I've been doing about 45 minutes per area once a day. Maybe drop it to 10 minutes twice a day? That fungus scares the crap out of me.


----------



## SNOWBOB11

Definitely 45 mins is too long for each zone. Light frequent irrigation is best when trying to grow seeds. Watering for that long can also cause washout and puddling in areas if your not carful. For sure go for 10 mins a zone at least 2, but even better 3 times a day.


----------



## Sinclair

I've been watering 10 minutes twice daily with excellent germination and seedling survival.

Putting down too much water at once causes pooling.


----------



## phil

Ok thanks guys. I haven't had any pooling occur yet, but I've also done only once a day. I just moved the two sprinklers after 15 minutes and will continue with that strategy. It's been 5 days of doing that, so hopefully changing the watering plan now is still ok and produce good germination.


----------



## pennstater2005

I've started watering at 5-10' each area 3x a day. Reduced to twice after three weeks. I did get a little of that fungus (or whatever it is) but it went away. I'm now watering 1x a day at a month from seed down.


----------



## phil

OK good. I'm glad to hear about that fungus going away. It's everywhere, and it makes me uncomfortable. I assume it's just from moisture and the general shade that I have in the lawn.


----------



## ericgautier

Did you use Milorganite during the overseed/or recently? If so, that is Mycellium and harmless.


----------



## phil

Yes Milo and Starter at bag rate. Could that be all that it is? That would be awesome


----------



## phil

How long do you guys think for germination of TTTF?


----------



## FuzzeWuzze

phil said:


> Yes Milo and Starter at bag rate. Could that be all that it is? That would be awesome


100% that's the milo. I see it every time. Regardless you were watering to much. Do what the others said 5-10 a free times daily.


----------



## phil

Got it. Already changed timers and moving sprinklers accordingly. Was really worried about fungus....


----------



## Sinclair

I've seen that white fuzz after topdressing with compost too. Goes away in a few days.


----------



## kds

phil said:


> How long do you guys think for germination of TTTF?


I start seeing the green whiskers coming up through the peat moss right at 10-12 days. Like you, I also throw down milorganite and starter fert.


----------



## phil

I can't that long! I want to see the sweet sweet green of new grass now!!
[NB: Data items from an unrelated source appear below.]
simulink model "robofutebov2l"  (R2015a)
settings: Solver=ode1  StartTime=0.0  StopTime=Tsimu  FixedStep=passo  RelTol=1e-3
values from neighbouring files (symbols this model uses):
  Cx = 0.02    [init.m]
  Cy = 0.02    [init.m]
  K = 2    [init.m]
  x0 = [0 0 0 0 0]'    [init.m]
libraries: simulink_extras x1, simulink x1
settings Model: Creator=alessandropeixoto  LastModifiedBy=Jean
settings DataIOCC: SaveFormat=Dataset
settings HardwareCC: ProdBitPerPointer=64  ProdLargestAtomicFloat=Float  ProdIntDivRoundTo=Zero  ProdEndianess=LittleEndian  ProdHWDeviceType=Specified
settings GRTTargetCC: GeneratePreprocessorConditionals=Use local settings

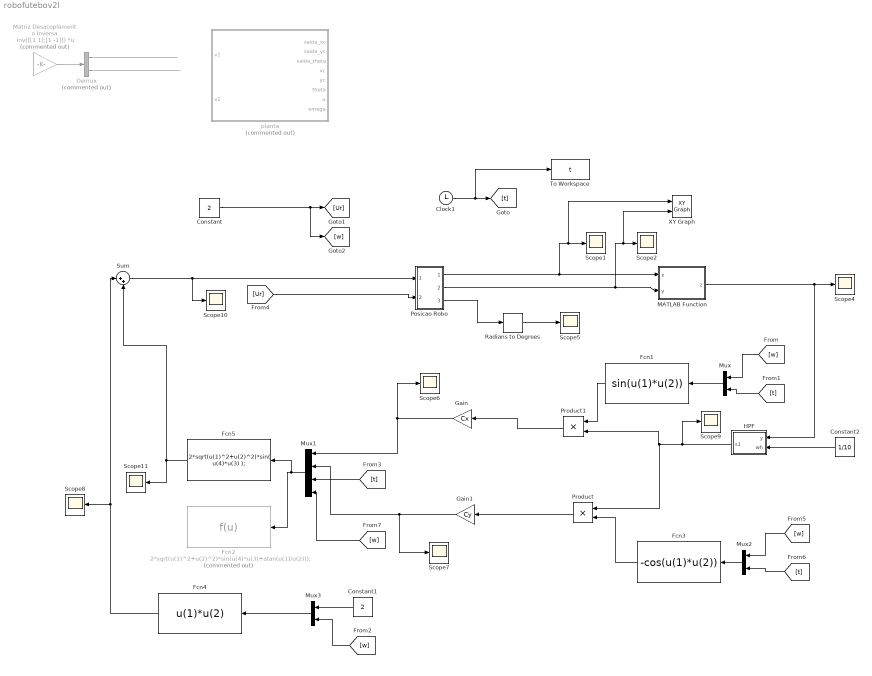
== system robofutebov2l ==
  Clock1 : Clock
  Constant : Constant  Value=2
  Constant1 : Constant  Value=2
  Constant2 : Constant  Value=1/10
  Demux : Demux  Commented=on  Outputs=2
  Fcn1 : Fcn  Expr=sin(u(1)*u(2))
  Fcn2 : Fcn  Commented=on  Expr=2*sqrt(u(1)^2+u(2)^2)*sin(u(4)*u(3)+atan(u(1)/u(2)));
  Fcn3 : Fcn  Expr=-cos(u(1)*u(2))
  Fcn4 : Fcn  Expr=u(1)*u(2)
  Fcn5 : Fcn  Expr=2*sqrt(u(1)^2+u(2)^2)*sin( u(4)*u(3) );
  Gain : Gain  Gain=Cx
  Gain1 : Gain  Gain=Cy
  HPF : Subsystem
  MATLAB Function : MATLAB Function  TreatAsAtomicUnit=on
  Matriz Desacoplamento Inversa : Gain  Commented=on  Gain=inv([[1 1];[1 -1]])  Multiplication=Matrix(K*u)
  Mux : Mux  Inputs=2
  Mux1 : Mux
  Mux2 : Mux  Inputs=2
  Mux3 : Mux  Inputs=2
  "Posicao Robo " : Subsystem
  Product : Product
  Product1 : Product
  Radians to Degrees : simulink_extras/Transformations/Radians to Degrees
  Scope{1..2,4..11} (10 alike) : Scope
      Scope1 settings: YMin=6.15  YMax=6.85  SaveName=xrobot
      Scope10 settings: YMin=1.78  YMax=1.92  SaveName=ScopeData9
      Scope11 settings: YMin=0.104  YMax=0.125  SaveName=ScopeData11
      Scope2 settings: YMin=12.7  YMax=14.1  SaveName=yrobot
      Scope4 settings: YMin=-466  YMax=-454
      Scope5 settings: YMin=482.5  YMax=537.5  SaveName=ScopeData4
      Scope6 settings: YMin=-8.13152e-20  YMax=0.0021  SaveName=ScopeData6
      Scope7 settings: YMin=-0.017  YMax=-0.004  SaveName=ScopeData7
      Scope8 settings: YMin=2  YMax=2  SaveName=ScopeData8
      Scope9 settings: YMin=-225  YMax=75  SaveName=ScopeData10
  Sum : Sum  Inputs=|++
  To Workspace : ToWorkspace  VariableName=t  SampleTime=-1
  XY Graph : simulink/Sinks/XY Graph  xmin=-100  xmax=100  ymin=-100  ymax=100  st=-1
  planta : Subsystem  Commented=on
  wires:
  "Posicao Robo "/1(Out1) -> XY Graph/1, Scope1/1, MATLAB Function/1(x)
  "Posicao Robo "/2(Out2) -> XY Graph/2, Scope2/1, MATLAB Function/2(y)
  Matriz Desacoplamento Inversa/1 -> Demux/1
  Demux/1 -> ?
  Demux/2 -> ?
  MATLAB Function/1(z) -> Scope4/1, HPF/1(y)
  Clock1/1 -> To Workspace/1, [t]
  Fcn3/1 -> Product/2
  Fcn1/1 -> Product1/1
  HPF/1(s1) -> Scope9/1, Product/1, Product1/2
  Product1/1 -> Gain/1
  Product/1 -> Gain1/1
  Gain/1 -> Scope6/1, Mux1/1
  Gain1/1 -> Scope7/1, Mux1/2
  Mux1/1 -> Fcn5/1, Fcn2/1
  "Posicao Robo "/3(Out3) -> Radians to Degrees/1
  Radians to Degrees/1 -> Scope5/1
  Sum/1 -> Scope10/1, "Posicao Robo "/1(In1)
  Fcn4/1 -> Scope8/1, Sum/1
  [t] -> Mux1/3
  [Ur] -> "Posicao Robo "/2(In2)
  Mux/1 -> Fcn1/1
  [w] -> Mux/1
  [t] -> Mux/2
  Mux2/1 -> Fcn3/1
  [w] -> Mux2/1
  [t] -> Mux2/2
  Mux3/1 -> Fcn4/1
  [w] -> Mux3/2
  Constant1/1 -> Mux3/1
  [w] -> Mux1/4
  Constant2/1 -> HPF/2(wh)
  Constant/1 -> [w], [Ur]
  Fcn5/1 -> Sum/2, Scope11/1

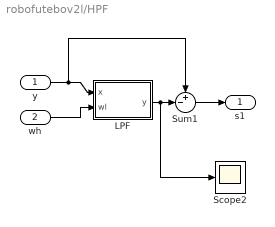
== system robofutebov2l/HPF ==
  y : Inport
  wh : Inport  Port=2
  LPF : Subsystem
  Scope2 : Scope
      settings: YMin=0.6  YMax=1.125  SaveName=ScopeData5
  Sum1 : Sum  Inputs=+-|
  s1 : Outport
  wires:
  LPF/1(y) -> Sum1/2, Scope2/1
  wh/1 -> LPF/2(wl)
  Sum1/1 -> s1/1
  y/1 -> Sum1/1, LPF/1(x)

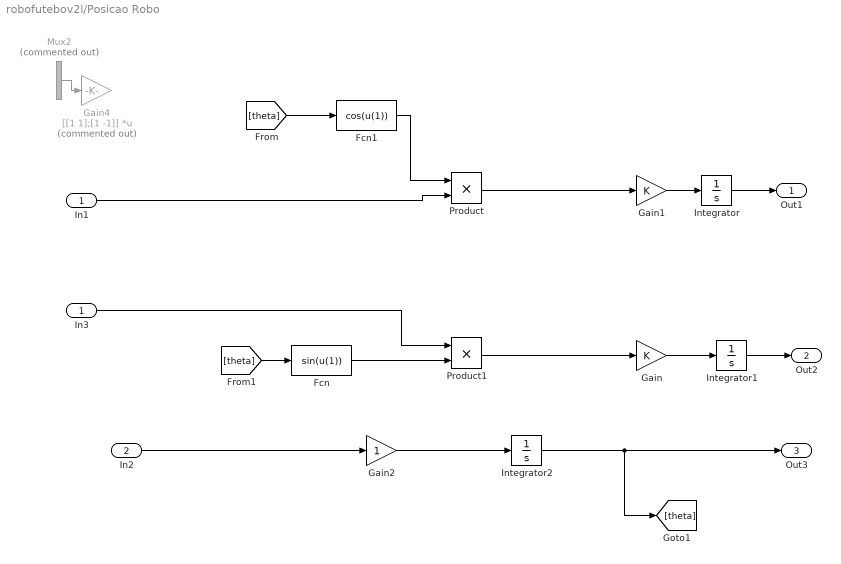
== system robofutebov2l/Posicao Robo  ==
  In1 : Inport
  In2 : Inport  Port=2
  Fcn : Fcn  Expr=sin(u(1))
  Fcn1 : Fcn  Expr=cos(u(1))
  Gain : Gain  Gain=K
  Gain1 : Gain  Gain=K
  Gain2 : Gain
  Gain4 : Gain  Commented=on  Gain=[[1 1];[1 -1]]  Multiplication=Matrix(K*u)
  In3 : InportShadow
  Integrator : Integrator
  Integrator1 : Integrator
  Integrator2 : Integrator
  Mux2 : Mux  Commented=on  Inputs=2
  Product : Product
  Product1 : Product
  Out1 : Outport
  Out2 : Outport  Port=2
  Out3 : Outport  Port=3
  wires:
  Integrator/1 -> Out1/1
  Integrator1/1 -> Out2/1
  Fcn/1 -> Product1/2
  Fcn1/1 -> Product/1
  Gain/1 -> Integrator1/1
  Gain1/1 -> Integrator/1
  Product/1 -> Gain1/1
  Product1/1 -> Gain/1
  Mux2/1 -> Gain4/1
  In1/1 -> Product/2
  Gain2/1 -> Integrator2/1
  Integrator2/1 -> [theta], Out3/1
  In2/1 -> Gain2/1
  [theta] -> Fcn1/1
  [theta] -> Fcn/1
  In3/1 -> Product1/1

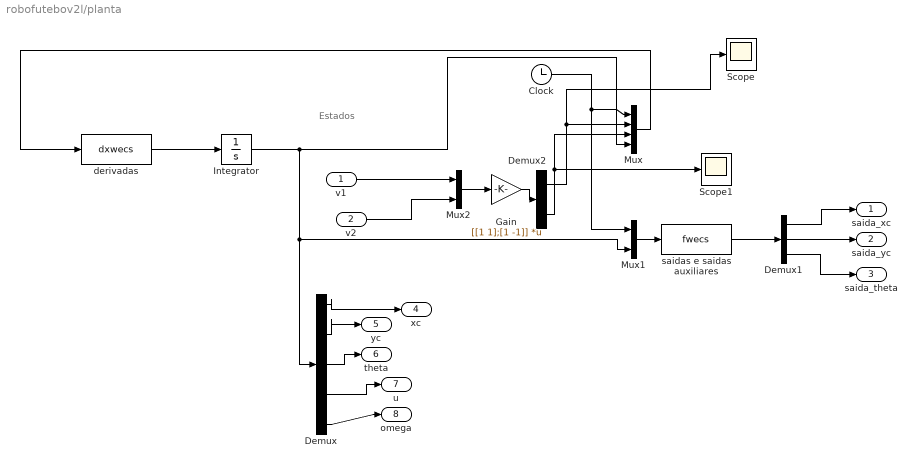
== system robofutebov2l/planta ==
  note: Estados
  v1 : Inport
  v2 : Inport  Port=2
  Clock : Clock
  Demux : Demux  Outputs=5
  Demux1 : Demux  Outputs=3
  Demux2 : Demux  Outputs=2
  Gain : Gain  Gain=[[1 1];[1 -1]]  Multiplication=Matrix(K*u)
  Integrator : Integrator  InitialCondition=x0
  Mux : Mux
  Mux1 : Mux  Inputs=2
  Mux2 : Mux  Inputs=2
  Scope : Scope
      settings: YMin=-9e-10  YMax=1.1e-09  SaveName=ScopeData12
  Scope1 : Scope
      settings: YMin=4  YMax=4  SaveName=ScopeData13
  derivadas : MATLABFcn  MATLABFcn=dxwecs
  saidas e saidas auxiliares : MATLABFcn  MATLABFcn=fwecs
  saida_xc : Outport
  saida_yc : Outport  Port=2
  saida_theta : Outport  Port=3
  xc : Outport  Port=4
  yc : Outport  Port=5
  theta : Outport  Port=6
  u : Outport  Port=7
  omega : Outport  Port=8
  wires:
  Clock/1 -> Mux1/1, Mux/1
  Mux/1 -> derivadas/1
  Integrator/1 -> Mux/4, Demux/1, Mux1/2
  Demux/4 -> u/1
  Demux/5 -> omega/1
  derivadas/1 -> Integrator/1
  Mux1/1 -> saidas e saidas auxiliares/1
  saidas e saidas auxiliares/1 -> Demux1/1
  Demux1/1 -> saida_xc/1
  Demux1/2 -> saida_yc/1
  Demux/1 -> xc/1
  Demux/2 -> yc/1
  Demux/3 -> theta/1
  Demux1/3 -> saida_theta/1
  v1/1 -> Mux2/1
  v2/1 -> Mux2/2
  Mux2/1 -> Gain/1
  Gain/1 -> Demux2/1
  Demux2/1 -> Scope/1, Mux/2
  Demux2/2 -> Scope1/1, Mux/3

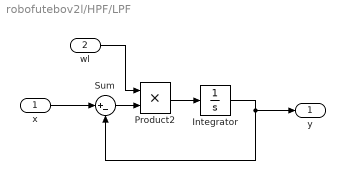
== system robofutebov2l/HPF/LPF ==
  x : Inport
  wl : Inport  Port=2
  Integrator : Integrator
  Product2 : Product
  Sum : Sum  Inputs=|+-
  y : Outport
  wires:
  wl/1 -> Product2/1
  Integrator/1 -> y/1, Sum/2
  Product2/1 -> Integrator/1
  Sum/1 -> Product2/2
  x/1 -> Sum/1

== matlab function robofutebov2l/MATLAB Function ==
  data: x input; y input; z output
function z = fcn(x,y)
%#codegen
%vetorDistancia = sqrt(u1^2+u2^2);
%exp = -((vetorDistancia-80)^2)/10+10;
exp = (-((x-50)^2+(y-86.60)^2))/10+10;

z = exp;

I know I know....Patience is a virtue or something like that


----------



## Sinclair

My KBG starting coming up after 5 days. Supposed to be 14-21.

So....who knows!? :lol:


----------



## MarkAguglia

I watered 2x a day, morning and afternoon for 12 minutes each zone and had great results with germination using TTTF.


----------



## phil

Starting to see germination today!!!! I'll have to take a few pics tomorrow and post


----------



## jeffman2

pennstater2005 said:


> I've started watering at 5-10' each area 3x a day. Reduced to twice after three weeks. I did get a little of that fungus (or whatever it is) but it went away. I'm now watering 1x a day at a month from seed down.


What time do you set your sprinklers for?


----------



## jeffman2

What time do you set your sprinklers to run at?


----------



## pennstater2005

jeffman2 said:


> pennstater2005 said:
> 
> 
> 
> I've started watering at 5-10' each area 3x a day. Reduced to twice after three weeks. I did get a little of that fungus (or whatever it is) but it went away. I'm now watering 1x a day at a month from seed down.
> 
> 
> 
> What time do you set your sprinklers for?
Click to expand...

I don't have a timer. I water in the morning though while I'm drinking my coffee.


----------